* _WORK TO COMPLETE_
There is a line containing "line L9 (-20, -30) -> (0, -30)" in the entries below. Repeat that line and every line after it exactly, and nothing more.
[[ RECORDED INFORMATION open ]]
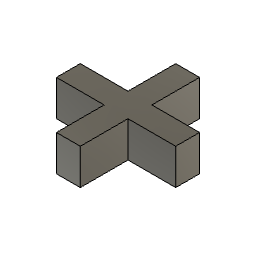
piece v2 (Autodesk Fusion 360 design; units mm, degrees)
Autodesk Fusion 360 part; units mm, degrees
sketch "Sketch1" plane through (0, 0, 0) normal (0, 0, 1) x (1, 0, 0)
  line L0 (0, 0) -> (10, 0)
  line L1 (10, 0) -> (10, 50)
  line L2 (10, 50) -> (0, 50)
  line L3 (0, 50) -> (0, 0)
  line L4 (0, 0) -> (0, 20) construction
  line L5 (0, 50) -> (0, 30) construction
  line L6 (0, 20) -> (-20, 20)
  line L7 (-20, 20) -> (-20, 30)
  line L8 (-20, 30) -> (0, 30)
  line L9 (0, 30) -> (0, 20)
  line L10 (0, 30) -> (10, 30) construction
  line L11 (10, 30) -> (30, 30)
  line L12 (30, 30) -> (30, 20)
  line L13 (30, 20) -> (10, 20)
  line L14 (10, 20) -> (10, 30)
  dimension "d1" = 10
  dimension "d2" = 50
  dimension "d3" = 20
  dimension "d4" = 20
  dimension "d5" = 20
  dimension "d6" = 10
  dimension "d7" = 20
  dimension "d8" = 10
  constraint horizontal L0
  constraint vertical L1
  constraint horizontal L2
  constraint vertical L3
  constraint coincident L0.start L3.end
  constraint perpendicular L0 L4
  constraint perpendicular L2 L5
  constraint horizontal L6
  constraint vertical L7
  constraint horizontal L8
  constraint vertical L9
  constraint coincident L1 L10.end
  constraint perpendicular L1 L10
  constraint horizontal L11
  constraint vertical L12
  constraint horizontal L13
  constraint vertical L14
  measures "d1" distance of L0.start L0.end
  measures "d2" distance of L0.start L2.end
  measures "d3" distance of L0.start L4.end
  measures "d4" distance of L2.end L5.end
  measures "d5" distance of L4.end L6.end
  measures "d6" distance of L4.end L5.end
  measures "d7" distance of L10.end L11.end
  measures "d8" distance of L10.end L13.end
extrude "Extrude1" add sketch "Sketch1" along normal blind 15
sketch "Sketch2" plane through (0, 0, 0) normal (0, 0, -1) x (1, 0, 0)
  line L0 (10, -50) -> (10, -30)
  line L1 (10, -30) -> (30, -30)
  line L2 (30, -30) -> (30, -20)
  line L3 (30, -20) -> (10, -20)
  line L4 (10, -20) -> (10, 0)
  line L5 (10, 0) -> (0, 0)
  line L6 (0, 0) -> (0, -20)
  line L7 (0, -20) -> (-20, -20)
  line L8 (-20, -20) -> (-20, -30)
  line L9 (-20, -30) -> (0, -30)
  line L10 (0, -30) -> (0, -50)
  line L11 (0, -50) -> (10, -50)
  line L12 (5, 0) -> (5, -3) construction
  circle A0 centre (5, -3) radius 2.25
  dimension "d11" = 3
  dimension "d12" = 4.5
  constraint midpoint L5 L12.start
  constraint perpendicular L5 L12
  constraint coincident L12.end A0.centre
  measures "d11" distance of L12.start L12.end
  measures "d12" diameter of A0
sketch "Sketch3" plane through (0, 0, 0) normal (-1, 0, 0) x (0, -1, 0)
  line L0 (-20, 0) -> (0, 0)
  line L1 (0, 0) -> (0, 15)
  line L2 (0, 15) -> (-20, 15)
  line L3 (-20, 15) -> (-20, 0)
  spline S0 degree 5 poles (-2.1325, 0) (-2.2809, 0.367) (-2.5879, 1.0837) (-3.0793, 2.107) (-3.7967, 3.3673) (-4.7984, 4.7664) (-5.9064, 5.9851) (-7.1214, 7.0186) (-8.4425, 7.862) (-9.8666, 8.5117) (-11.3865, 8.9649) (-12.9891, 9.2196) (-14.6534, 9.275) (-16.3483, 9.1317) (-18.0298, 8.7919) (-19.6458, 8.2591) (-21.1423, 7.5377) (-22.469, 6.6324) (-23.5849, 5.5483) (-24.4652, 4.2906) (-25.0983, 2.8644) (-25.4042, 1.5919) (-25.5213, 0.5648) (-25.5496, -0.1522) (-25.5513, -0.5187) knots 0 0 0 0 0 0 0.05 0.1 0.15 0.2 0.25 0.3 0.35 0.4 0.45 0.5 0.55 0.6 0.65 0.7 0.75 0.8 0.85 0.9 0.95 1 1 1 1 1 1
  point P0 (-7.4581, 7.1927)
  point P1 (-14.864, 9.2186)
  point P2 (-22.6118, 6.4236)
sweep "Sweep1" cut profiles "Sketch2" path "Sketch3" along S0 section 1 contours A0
[[ RECORDED INFORMATION closed ]]
* _SOLVED EXERCISE_
  line L9 (-20, -30) -> (0, -30)
  line L10 (0, -30) -> (0, -50)
  line L11 (0, -50) -> (10, -50)
  line L12 (5, 0) -> (5, -3) construction
  circle A0 centre (5, -3) radius 2.25
  dimension "d11" = 3
  dimension "d12" = 4.5
  constraint midpoint L5 L12.start
  constraint perpendicular L5 L12
  constraint coincident L12.end A0.centre
  measures "d11" distance of L12.start L12.end
  measures "d12" diameter of A0
sketch "Sketch3" plane through (0, 0, 0) normal (-1, 0, 0) x (0, -1, 0)
  line L0 (-20, 0) -> (0, 0)
  line L1 (0, 0) -> (0, 15)
  line L2 (0, 15) -> (-20, 15)
  line L3 (-20, 15) -> (-20, 0)
  spline S0 degree 5 poles (-2.1325, 0) (-2.2809, 0.367) (-2.5879, 1.0837) (-3.0793, 2.107) (-3.7967, 3.3673) (-4.7984, 4.7664) (-5.9064, 5.9851) (-7.1214, 7.0186) (-8.4425, 7.862) (-9.8666, 8.5117) (-11.3865, 8.9649) (-12.9891, 9.2196) (-14.6534, 9.275) (-16.3483, 9.1317) (-18.0298, 8.7919) (-19.6458, 8.2591) (-21.1423, 7.5377) (-22.469, 6.6324) (-23.5849, 5.5483) (-24.4652, 4.2906) (-25.0983, 2.8644) (-25.4042, 1.5919) (-25.5213, 0.5648) (-25.5496, -0.1522) (-25.5513, -0.5187) knots 0 0 0 0 0 0 0.05 0.1 0.15 0.2 0.25 0.3 0.35 0.4 0.45 0.5 0.55 0.6 0.65 0.7 0.75 0.8 0.85 0.9 0.95 1 1 1 1 1 1
  point P0 (-7.4581, 7.1927)
  point P1 (-14.864, 9.2186)
  point P2 (-22.6118, 6.4236)
sweep "Sweep1" cut profiles "Sketch2" path "Sketch3" along S0 section 1 contours A0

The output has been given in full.